* PROBLEM DESCRIPTION *
How many lines in the records below contain the word "view"? Reply with the number alone.

* SUPPLIED DATA *
= Beginning of Section =
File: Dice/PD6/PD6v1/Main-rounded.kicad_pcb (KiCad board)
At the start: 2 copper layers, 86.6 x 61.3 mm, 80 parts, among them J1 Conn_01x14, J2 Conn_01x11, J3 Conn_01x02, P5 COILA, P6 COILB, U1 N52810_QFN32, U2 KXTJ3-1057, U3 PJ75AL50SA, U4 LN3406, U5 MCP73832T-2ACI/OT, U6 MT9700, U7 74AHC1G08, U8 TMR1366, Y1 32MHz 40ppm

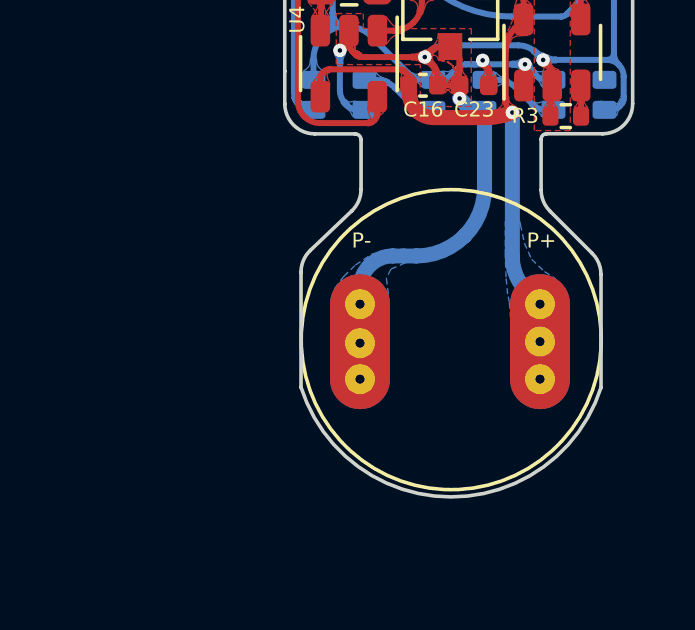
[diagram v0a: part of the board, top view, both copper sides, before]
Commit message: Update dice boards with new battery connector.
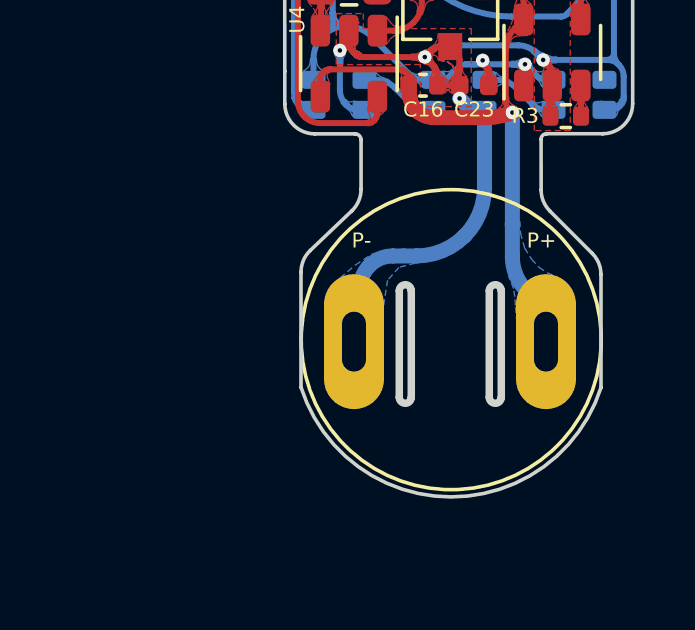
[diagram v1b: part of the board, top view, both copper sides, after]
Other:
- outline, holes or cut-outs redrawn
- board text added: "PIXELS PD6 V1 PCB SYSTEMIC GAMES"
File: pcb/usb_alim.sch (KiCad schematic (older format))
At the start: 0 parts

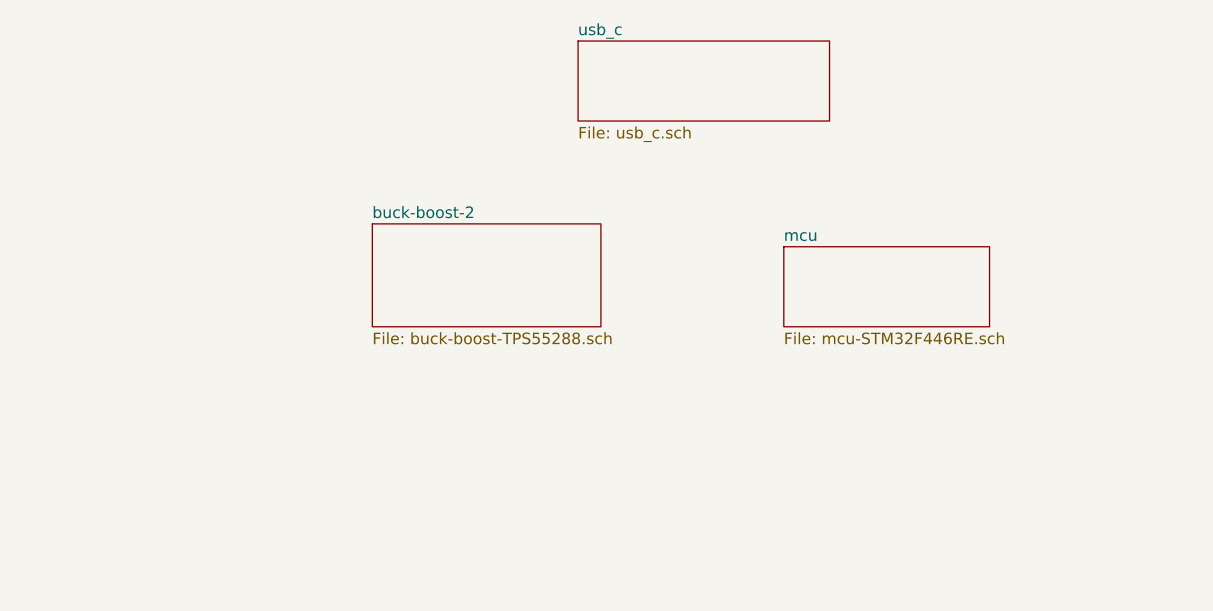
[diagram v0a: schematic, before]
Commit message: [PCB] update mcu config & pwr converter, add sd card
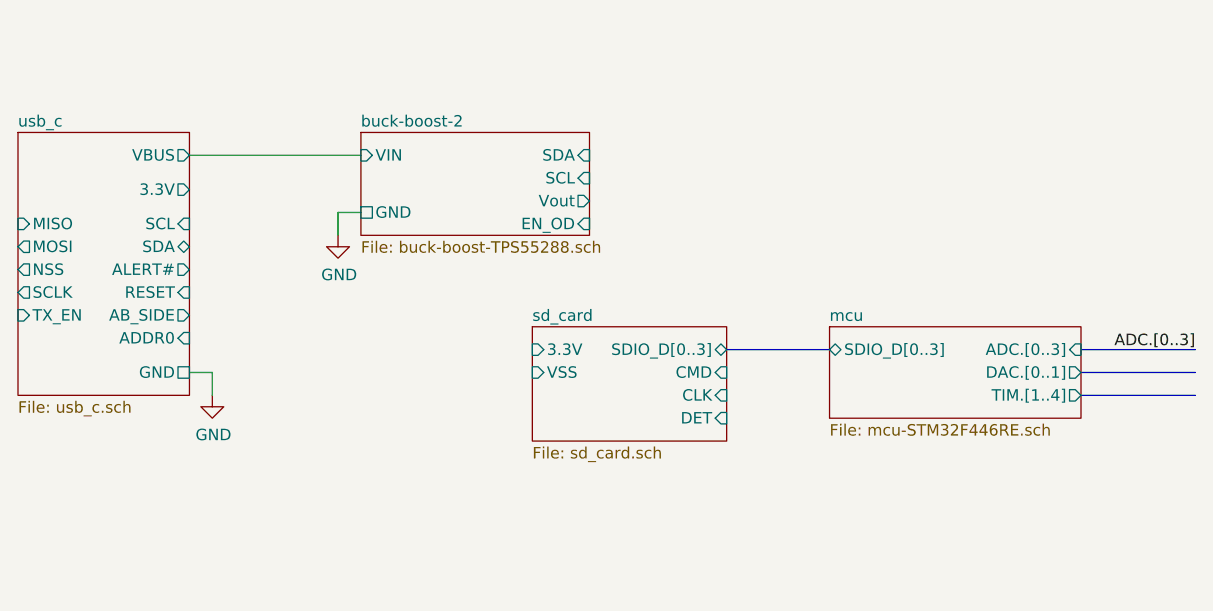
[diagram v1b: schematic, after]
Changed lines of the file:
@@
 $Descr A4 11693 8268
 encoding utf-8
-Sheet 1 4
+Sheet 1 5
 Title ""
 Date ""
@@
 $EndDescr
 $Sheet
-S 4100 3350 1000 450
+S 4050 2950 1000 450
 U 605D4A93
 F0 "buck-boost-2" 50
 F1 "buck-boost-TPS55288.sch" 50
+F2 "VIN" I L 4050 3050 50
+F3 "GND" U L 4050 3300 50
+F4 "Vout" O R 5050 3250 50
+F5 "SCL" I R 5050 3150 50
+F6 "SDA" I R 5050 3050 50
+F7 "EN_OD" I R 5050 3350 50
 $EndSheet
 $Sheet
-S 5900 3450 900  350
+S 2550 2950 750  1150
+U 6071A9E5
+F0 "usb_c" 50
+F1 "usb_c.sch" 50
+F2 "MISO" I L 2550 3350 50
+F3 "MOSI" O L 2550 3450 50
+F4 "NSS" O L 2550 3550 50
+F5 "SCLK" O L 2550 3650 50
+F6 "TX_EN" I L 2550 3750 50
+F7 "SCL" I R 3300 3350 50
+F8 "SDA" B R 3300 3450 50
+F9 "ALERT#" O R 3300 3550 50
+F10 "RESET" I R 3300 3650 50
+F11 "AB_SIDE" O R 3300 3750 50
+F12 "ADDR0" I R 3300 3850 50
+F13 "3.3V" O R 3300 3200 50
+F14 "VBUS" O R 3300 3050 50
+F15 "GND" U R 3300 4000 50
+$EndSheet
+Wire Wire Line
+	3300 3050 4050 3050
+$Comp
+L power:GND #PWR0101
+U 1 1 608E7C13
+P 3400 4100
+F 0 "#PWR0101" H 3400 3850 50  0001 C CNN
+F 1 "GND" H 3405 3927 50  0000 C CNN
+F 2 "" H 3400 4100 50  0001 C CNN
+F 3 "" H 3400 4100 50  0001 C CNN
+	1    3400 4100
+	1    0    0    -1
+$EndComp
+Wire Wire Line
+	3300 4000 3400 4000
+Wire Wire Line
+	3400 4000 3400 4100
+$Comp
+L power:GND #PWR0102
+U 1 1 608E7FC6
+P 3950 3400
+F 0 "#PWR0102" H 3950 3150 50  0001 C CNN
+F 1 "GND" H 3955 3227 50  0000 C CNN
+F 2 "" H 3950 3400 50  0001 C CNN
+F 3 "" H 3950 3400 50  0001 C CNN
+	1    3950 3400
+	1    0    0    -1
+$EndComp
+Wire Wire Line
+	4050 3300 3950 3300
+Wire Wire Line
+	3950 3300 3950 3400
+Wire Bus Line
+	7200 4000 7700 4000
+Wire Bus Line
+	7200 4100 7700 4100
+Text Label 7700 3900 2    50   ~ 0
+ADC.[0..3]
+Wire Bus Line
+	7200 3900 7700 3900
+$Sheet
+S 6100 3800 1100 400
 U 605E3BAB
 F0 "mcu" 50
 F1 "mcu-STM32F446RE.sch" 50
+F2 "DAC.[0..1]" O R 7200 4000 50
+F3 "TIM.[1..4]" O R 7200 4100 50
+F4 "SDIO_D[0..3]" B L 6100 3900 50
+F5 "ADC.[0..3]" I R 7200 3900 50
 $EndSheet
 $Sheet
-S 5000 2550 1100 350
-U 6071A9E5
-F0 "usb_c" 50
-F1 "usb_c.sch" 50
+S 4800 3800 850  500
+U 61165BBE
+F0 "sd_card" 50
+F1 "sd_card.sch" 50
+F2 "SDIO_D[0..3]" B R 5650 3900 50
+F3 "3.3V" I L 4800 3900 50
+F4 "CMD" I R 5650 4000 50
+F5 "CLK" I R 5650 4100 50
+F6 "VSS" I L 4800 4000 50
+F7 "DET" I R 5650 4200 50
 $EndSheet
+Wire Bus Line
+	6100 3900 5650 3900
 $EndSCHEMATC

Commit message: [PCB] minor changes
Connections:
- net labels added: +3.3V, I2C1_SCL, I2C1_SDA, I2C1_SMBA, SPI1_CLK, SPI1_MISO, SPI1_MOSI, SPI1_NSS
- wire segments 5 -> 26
= End of Section =
* THE ANSWER *
2